● DATA SHOWN:
====================

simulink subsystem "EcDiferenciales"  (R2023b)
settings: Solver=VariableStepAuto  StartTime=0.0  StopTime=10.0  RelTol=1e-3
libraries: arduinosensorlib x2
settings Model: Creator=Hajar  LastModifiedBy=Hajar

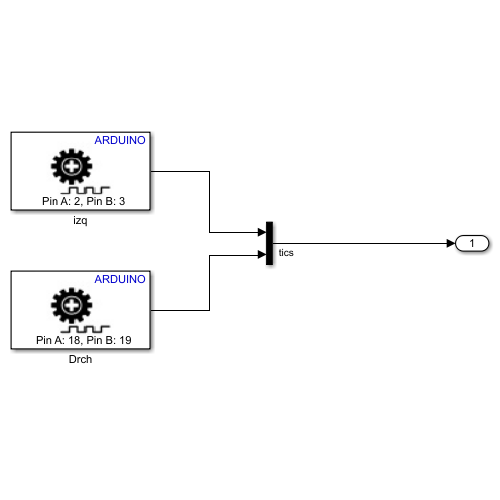
[thumbnail: Simulink's stored preview of the top-level diagram]
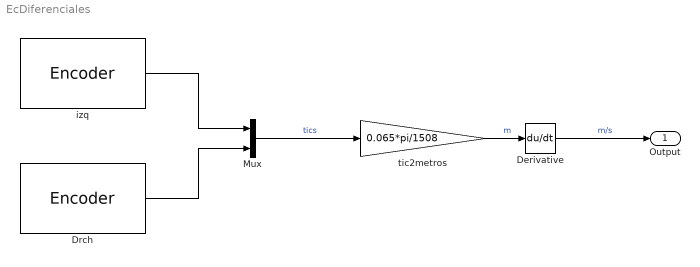
== system EcDiferenciales ==
  Derivative : Derivative
  Drch : arduinosensorlib/Encoder  InputA=18  InputB=19  Mode=No reset  SampleTime=-1
  Mux : Mux  Inputs=2
  izq : arduinosensorlib/Encoder  InputA=2  InputB=3  Mode=No reset  SampleTime=-1
  tic2metros : Gain  Gain=0.065*pi/1508  OutDataTypeStr=double
  Output : Outport
  wires:
  izq/1 -> Mux/1
  Drch/1 -> Mux/2
  Mux/1 -> tic2metros/1  "tics"
  tic2metros/1 -> Derivative/1  "m"
  Derivative/1 -> Output/1  "m/s"

====================

● WORK REQUIRED:
Set down, unchanged, the line that contains "tic2metros : Gain" together with every later line in the records, through the last one.

● ANSWER AREA:
  tic2metros : Gain  Gain=0.065*pi/1508  OutDataTypeStr=double
  Output : Outport
  wires:
  izq/1 -> Mux/1
  Drch/1 -> Mux/2
  Mux/1 -> tic2metros/1  "tics"
  tic2metros/1 -> Derivative/1  "m"
  Derivative/1 -> Output/1  "m/s"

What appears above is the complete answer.